* **WHAT THE TASK ASKS**: Go line by line through the entries and show those that hold the string "mechanical".

* **INFORMATION SUPPLIED**:
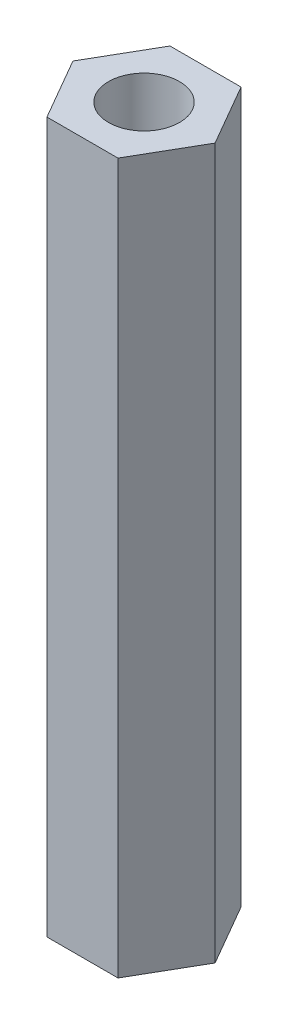
ISO-10303-21;
HEADER;
FILE_DESCRIPTION(('STEP AP214'),'2;1');
FILE_NAME('part.step','',(''),(''),'','','');
FILE_SCHEMA(('AUTOMOTIVE_DESIGN { 1 0 10303 214 1 1 1 1 }'));
ENDSEC;
DATA;
#1=APPLICATION_CONTEXT('core data for automotive mechanical design processes');
#2=APPLICATION_PROTOCOL_DEFINITION('international standard','automotive_design',2000,#1);
#3=PRODUCT_CONTEXT('',#1,'mechanical');
#4=PRODUCT('Part','Part','',(#3));
#5=PRODUCT_RELATED_PRODUCT_CATEGORY('part','',(#4));
#6=PRODUCT_DEFINITION_FORMATION('','',#4);
#7=PRODUCT_DEFINITION_CONTEXT('part definition',#1,'design');
#8=PRODUCT_DEFINITION('design','',#6,#7);
#9=PRODUCT_DEFINITION_SHAPE('','',#8);
#10=(LENGTH_UNIT() NAMED_UNIT(*) SI_UNIT(.MILLI.,.METRE.));
#11=(NAMED_UNIT(*) PLANE_ANGLE_UNIT() SI_UNIT($,.RADIAN.));
#12=(NAMED_UNIT(*) SI_UNIT($,.STERADIAN.) SOLID_ANGLE_UNIT());
#13=UNCERTAINTY_MEASURE_WITH_UNIT(LENGTH_MEASURE(1.E-05),#10,'distance_accuracy_value','');
#14=(GEOMETRIC_REPRESENTATION_CONTEXT(3) GLOBAL_UNCERTAINTY_ASSIGNED_CONTEXT((#13)) GLOBAL_UNIT_ASSIGNED_CONTEXT((#10,
#11,#12)) REPRESENTATION_CONTEXT('',''));
#15=CARTESIAN_POINT('',(0.,0.,0.));
#16=DIRECTION('',(0.,0.,1.));
#17=DIRECTION('',(1.,0.,0.));
#18=AXIS2_PLACEMENT_3D('',#15,#16,#17);
#19=CARTESIAN_POINT('',(0.,30.,0.));
#20=DIRECTION('',(0.,1.,0.));
#21=DIRECTION('',(0.,0.,1.));
#22=AXIS2_PLACEMENT_3D('',#19,#20,#21);
#23=PLANE('',#22);
#24=DIRECTION('',(-0.5,0.,-0.866025403784439));
#25=VECTOR('',#24,1.);
#26=CARTESIAN_POINT('',(3.00222139978605,30.,0.));
#27=LINE('',#26,#25);
#28=CARTESIAN_POINT('',(3.00222139978605,30.,0.));
#29=VERTEX_POINT('',#28);
#30=CARTESIAN_POINT('',(1.50111069989303,30.,-2.6));
#31=VERTEX_POINT('',#30);
#32=EDGE_CURVE('E129',#29,#31,#27,.T.);
#33=ORIENTED_EDGE('',*,*,#32,.T.);
#34=DIRECTION('',(-1.,0.,0.));
#35=VECTOR('',#34,1.);
#36=CARTESIAN_POINT('',(1.50111069989303,30.,-2.6));
#37=LINE('',#36,#35);
#38=CARTESIAN_POINT('',(-1.50111069989303,30.,-2.6));
#39=VERTEX_POINT('',#38);
#40=EDGE_CURVE('E87',#31,#39,#37,.T.);
#41=ORIENTED_EDGE('',*,*,#40,.T.);
#42=DIRECTION('',(-0.5,0.,0.866025403784439));
#43=VECTOR('',#42,1.);
#44=CARTESIAN_POINT('',(-1.50111069989303,30.,-2.6));
#45=LINE('',#44,#43);
#46=CARTESIAN_POINT('',(-3.00222139978605,30.,0.));
#47=VERTEX_POINT('',#46);
#48=EDGE_CURVE('E100',#39,#47,#45,.T.);
#49=ORIENTED_EDGE('',*,*,#48,.T.);
#50=DIRECTION('',(0.5,0.,0.866025403784439));
#51=VECTOR('',#50,1.);
#52=CARTESIAN_POINT('',(-3.00222139978605,30.,0.));
#53=LINE('',#52,#51);
#54=CARTESIAN_POINT('',(-1.50111069989303,30.,2.6));
#55=VERTEX_POINT('',#54);
#56=EDGE_CURVE('E94',#47,#55,#53,.T.);
#57=ORIENTED_EDGE('',*,*,#56,.T.);
#58=DIRECTION('',(1.,0.,0.));
#59=VECTOR('',#58,1.);
#60=CARTESIAN_POINT('',(-1.50111069989303,30.,2.6));
#61=LINE('',#60,#59);
#62=CARTESIAN_POINT('',(1.50111069989303,30.,2.6));
#63=VERTEX_POINT('',#62);
#64=EDGE_CURVE('E98',#55,#63,#61,.T.);
#65=ORIENTED_EDGE('',*,*,#64,.T.);
#66=DIRECTION('',(0.5,0.,-0.866025403784438));
#67=VECTOR('',#66,1.);
#68=CARTESIAN_POINT('',(1.50111069989303,30.,2.6));
#69=LINE('',#68,#67);
#70=EDGE_CURVE('E50',#63,#29,#69,.T.);
#71=ORIENTED_EDGE('',*,*,#70,.T.);
#72=EDGE_LOOP('',(#33,#41,#49,#57,#65,#71));
#73=FACE_BOUND('',#72,.T.);
#74=CARTESIAN_POINT('',(0.,30.,0.));
#75=DIRECTION('',(0.,1.,0.));
#76=DIRECTION('',(0.,0.,1.));
#77=AXIS2_PLACEMENT_3D('',#74,#75,#76);
#78=CIRCLE('',#77,1.5);
#79=CARTESIAN_POINT('',(0.,30.,1.5));
#80=VERTEX_POINT('',#79);
#81=EDGE_CURVE('E122',#80,#80,#78,.T.);
#82=ORIENTED_EDGE('',*,*,#81,.F.);
#83=EDGE_LOOP('',(#82));
#84=FACE_BOUND('',#83,.T.);
#85=ADVANCED_FACE('F33',(#73,#84),#23,.T.);
#86=CARTESIAN_POINT('',(0.,0.,0.));
#87=DIRECTION('',(0.,1.,0.));
#88=DIRECTION('',(0.,0.,1.));
#89=AXIS2_PLACEMENT_3D('',#86,#87,#88);
#90=PLANE('',#89);
#91=DIRECTION('',(-0.5,0.,-0.866025403784439));
#92=VECTOR('',#91,1.);
#93=CARTESIAN_POINT('',(3.00222139978605,0.,0.));
#94=LINE('',#93,#92);
#95=CARTESIAN_POINT('',(3.00222139978605,0.,0.));
#96=VERTEX_POINT('',#95);
#97=CARTESIAN_POINT('',(1.50111069989303,0.,-2.6));
#98=VERTEX_POINT('',#97);
#99=EDGE_CURVE('E118',#96,#98,#94,.T.);
#100=ORIENTED_EDGE('',*,*,#99,.F.);
#101=DIRECTION('',(0.5,0.,-0.866025403784438));
#102=VECTOR('',#101,1.);
#103=CARTESIAN_POINT('',(1.50111069989303,0.,2.6));
#104=LINE('',#103,#102);
#105=CARTESIAN_POINT('',(1.50111069989303,0.,2.6));
#106=VERTEX_POINT('',#105);
#107=EDGE_CURVE('E79',#106,#96,#104,.T.);
#108=ORIENTED_EDGE('',*,*,#107,.F.);
#109=DIRECTION('',(1.,0.,0.));
#110=VECTOR('',#109,1.);
#111=CARTESIAN_POINT('',(-1.50111069989303,0.,2.6));
#112=LINE('',#111,#110);
#113=CARTESIAN_POINT('',(-1.50111069989303,0.,2.6));
#114=VERTEX_POINT('',#113);
#115=EDGE_CURVE('E73',#114,#106,#112,.T.);
#116=ORIENTED_EDGE('',*,*,#115,.F.);
#117=DIRECTION('',(0.5,0.,0.866025403784439));
#118=VECTOR('',#117,1.);
#119=CARTESIAN_POINT('',(-3.00222139978605,0.,0.));
#120=LINE('',#119,#118);
#121=CARTESIAN_POINT('',(-3.00222139978605,0.,0.));
#122=VERTEX_POINT('',#121);
#123=EDGE_CURVE('E108',#122,#114,#120,.T.);
#124=ORIENTED_EDGE('',*,*,#123,.F.);
#125=DIRECTION('',(-0.5,0.,0.866025403784439));
#126=VECTOR('',#125,1.);
#127=CARTESIAN_POINT('',(-1.50111069989303,0.,-2.6));
#128=LINE('',#127,#126);
#129=CARTESIAN_POINT('',(-1.50111069989303,0.,-2.6));
#130=VERTEX_POINT('',#129);
#131=EDGE_CURVE('E124',#130,#122,#128,.T.);
#132=ORIENTED_EDGE('',*,*,#131,.F.);
#133=DIRECTION('',(-1.,0.,0.));
#134=VECTOR('',#133,1.);
#135=CARTESIAN_POINT('',(1.50111069989303,0.,-2.6));
#136=LINE('',#135,#134);
#137=EDGE_CURVE('E121',#98,#130,#136,.T.);
#138=ORIENTED_EDGE('',*,*,#137,.F.);
#139=EDGE_LOOP('',(#100,#108,#116,#124,#132,#138));
#140=FACE_BOUND('',#139,.T.);
#141=CARTESIAN_POINT('',(0.,0.,0.));
#142=DIRECTION('',(0.,1.,0.));
#143=DIRECTION('',(0.,0.,1.));
#144=AXIS2_PLACEMENT_3D('',#141,#142,#143);
#145=CIRCLE('',#144,1.5);
#146=CARTESIAN_POINT('',(0.,0.,1.5));
#147=VERTEX_POINT('',#146);
#148=EDGE_CURVE('E222',#147,#147,#145,.T.);
#149=ORIENTED_EDGE('',*,*,#148,.T.);
#150=EDGE_LOOP('',(#149));
#151=FACE_BOUND('',#150,.T.);
#152=ADVANCED_FACE('F138',(#140,#151),#90,.F.);
#153=CARTESIAN_POINT('',(3.00222139978605,30.,0.));
#154=DIRECTION('',(-0.866025403784439,0.,0.5));
#155=DIRECTION('',(0.5,0.,0.866025403784439));
#156=AXIS2_PLACEMENT_3D('',#153,#154,#155);
#157=PLANE('',#156);
#158=ORIENTED_EDGE('',*,*,#99,.T.);
#159=DIRECTION('',(0.,-1.,0.));
#160=VECTOR('',#159,1.);
#161=CARTESIAN_POINT('',(1.50111069989303,30.,-2.6));
#162=LINE('',#161,#160);
#163=EDGE_CURVE('E11',#31,#98,#162,.T.);
#164=ORIENTED_EDGE('',*,*,#163,.F.);
#165=ORIENTED_EDGE('',*,*,#32,.F.);
#166=DIRECTION('',(0.,-1.,0.));
#167=VECTOR('',#166,1.);
#168=CARTESIAN_POINT('',(3.00222139978605,30.,0.));
#169=LINE('',#168,#167);
#170=EDGE_CURVE('E114',#29,#96,#169,.T.);
#171=ORIENTED_EDGE('',*,*,#170,.T.);
#172=EDGE_LOOP('',(#158,#164,#165,#171));
#173=FACE_BOUND('',#172,.T.);
#174=ADVANCED_FACE('F35',(#173),#157,.F.);
#175=CARTESIAN_POINT('',(1.50111069989303,30.,-2.6));
#176=DIRECTION('',(0.,0.,1.));
#177=DIRECTION('',(1.,0.,0.));
#178=AXIS2_PLACEMENT_3D('',#175,#176,#177);
#179=PLANE('',#178);
#180=ORIENTED_EDGE('',*,*,#137,.T.);
#181=DIRECTION('',(0.,-1.,0.));
#182=VECTOR('',#181,1.);
#183=CARTESIAN_POINT('',(-1.50111069989303,30.,-2.6));
#184=LINE('',#183,#182);
#185=EDGE_CURVE('E42',#39,#130,#184,.T.);
#186=ORIENTED_EDGE('',*,*,#185,.F.);
#187=ORIENTED_EDGE('',*,*,#40,.F.);
#188=ORIENTED_EDGE('',*,*,#163,.T.);
#189=EDGE_LOOP('',(#180,#186,#187,#188));
#190=FACE_BOUND('',#189,.T.);
#191=ADVANCED_FACE('F163',(#190),#179,.F.);
#192=CARTESIAN_POINT('',(-1.50111069989303,30.,-2.6));
#193=DIRECTION('',(0.866025403784439,0.,0.5));
#194=DIRECTION('',(0.5,0.,-0.866025403784439));
#195=AXIS2_PLACEMENT_3D('',#192,#193,#194);
#196=PLANE('',#195);
#197=ORIENTED_EDGE('',*,*,#131,.T.);
#198=DIRECTION('',(0.,-1.,0.));
#199=VECTOR('',#198,1.);
#200=CARTESIAN_POINT('',(-3.00222139978605,30.,0.));
#201=LINE('',#200,#199);
#202=EDGE_CURVE('E109',#47,#122,#201,.T.);
#203=ORIENTED_EDGE('',*,*,#202,.F.);
#204=ORIENTED_EDGE('',*,*,#48,.F.);
#205=ORIENTED_EDGE('',*,*,#185,.T.);
#206=EDGE_LOOP('',(#197,#203,#204,#205));
#207=FACE_BOUND('',#206,.T.);
#208=ADVANCED_FACE('F135',(#207),#196,.F.);
#209=CARTESIAN_POINT('',(-3.00222139978605,30.,0.));
#210=DIRECTION('',(0.866025403784439,0.,-0.5));
#211=DIRECTION('',(-0.5,0.,-0.866025403784439));
#212=AXIS2_PLACEMENT_3D('',#209,#210,#211);
#213=PLANE('',#212);
#214=ORIENTED_EDGE('',*,*,#123,.T.);
#215=DIRECTION('',(0.,-1.,0.));
#216=VECTOR('',#215,1.);
#217=CARTESIAN_POINT('',(-1.50111069989303,30.,2.6));
#218=LINE('',#217,#216);
#219=EDGE_CURVE('E105',#55,#114,#218,.T.);
#220=ORIENTED_EDGE('',*,*,#219,.F.);
#221=ORIENTED_EDGE('',*,*,#56,.F.);
#222=ORIENTED_EDGE('',*,*,#202,.T.);
#223=EDGE_LOOP('',(#214,#220,#221,#222));
#224=FACE_BOUND('',#223,.T.);
#225=ADVANCED_FACE('F106',(#224),#213,.F.);
#226=CARTESIAN_POINT('',(-1.50111069989303,30.,2.6));
#227=DIRECTION('',(0.,0.,-1.));
#228=DIRECTION('',(-1.,0.,0.));
#229=AXIS2_PLACEMENT_3D('',#226,#227,#228);
#230=PLANE('',#229);
#231=ORIENTED_EDGE('',*,*,#115,.T.);
#232=DIRECTION('',(0.,-1.,0.));
#233=VECTOR('',#232,1.);
#234=CARTESIAN_POINT('',(1.50111069989303,30.,2.6));
#235=LINE('',#234,#233);
#236=EDGE_CURVE('E110',#63,#106,#235,.T.);
#237=ORIENTED_EDGE('',*,*,#236,.F.);
#238=ORIENTED_EDGE('',*,*,#64,.F.);
#239=ORIENTED_EDGE('',*,*,#219,.T.);
#240=EDGE_LOOP('',(#231,#237,#238,#239));
#241=FACE_BOUND('',#240,.T.);
#242=ADVANCED_FACE('F112',(#241),#230,.F.);
#243=CARTESIAN_POINT('',(1.50111069989303,30.,2.6));
#244=DIRECTION('',(-0.866025403784438,0.,-0.5));
#245=DIRECTION('',(-0.5,0.,0.866025403784438));
#246=AXIS2_PLACEMENT_3D('',#243,#244,#245);
#247=PLANE('',#246);
#248=ORIENTED_EDGE('',*,*,#107,.T.);
#249=ORIENTED_EDGE('',*,*,#170,.F.);
#250=ORIENTED_EDGE('',*,*,#70,.F.);
#251=ORIENTED_EDGE('',*,*,#236,.T.);
#252=EDGE_LOOP('',(#248,#249,#250,#251));
#253=FACE_BOUND('',#252,.T.);
#254=ADVANCED_FACE('F143',(#253),#247,.F.);
#255=CARTESIAN_POINT('',(0.,30.,0.));
#256=DIRECTION('',(0.,-1.,0.));
#257=DIRECTION('',(0.,0.,-1.));
#258=AXIS2_PLACEMENT_3D('',#255,#256,#257);
#259=CYLINDRICAL_SURFACE('',#258,1.5);
#260=ORIENTED_EDGE('',*,*,#81,.T.);
#261=EDGE_LOOP('',(#260));
#262=FACE_BOUND('',#261,.T.);
#263=ORIENTED_EDGE('',*,*,#148,.F.);
#264=EDGE_LOOP('',(#263));
#265=FACE_BOUND('',#264,.T.);
#266=ADVANCED_FACE('F145',(#262,#265),#259,.F.);
#267=CLOSED_SHELL('',(#85,#152,#174,#191,#208,#225,#242,#254,#266));
#268=MANIFOLD_SOLID_BREP('B2',#267);
#269=ADVANCED_BREP_SHAPE_REPRESENTATION('',(#18,#268),#14);
#270=SHAPE_DEFINITION_REPRESENTATION(#9,#269);
ENDSEC;
END-ISO-10303-21;

* **ANSWER SPACE**:
#1=APPLICATION_CONTEXT('core data for automotive mechanical design processes');
#3=PRODUCT_CONTEXT('',#1,'mechanical');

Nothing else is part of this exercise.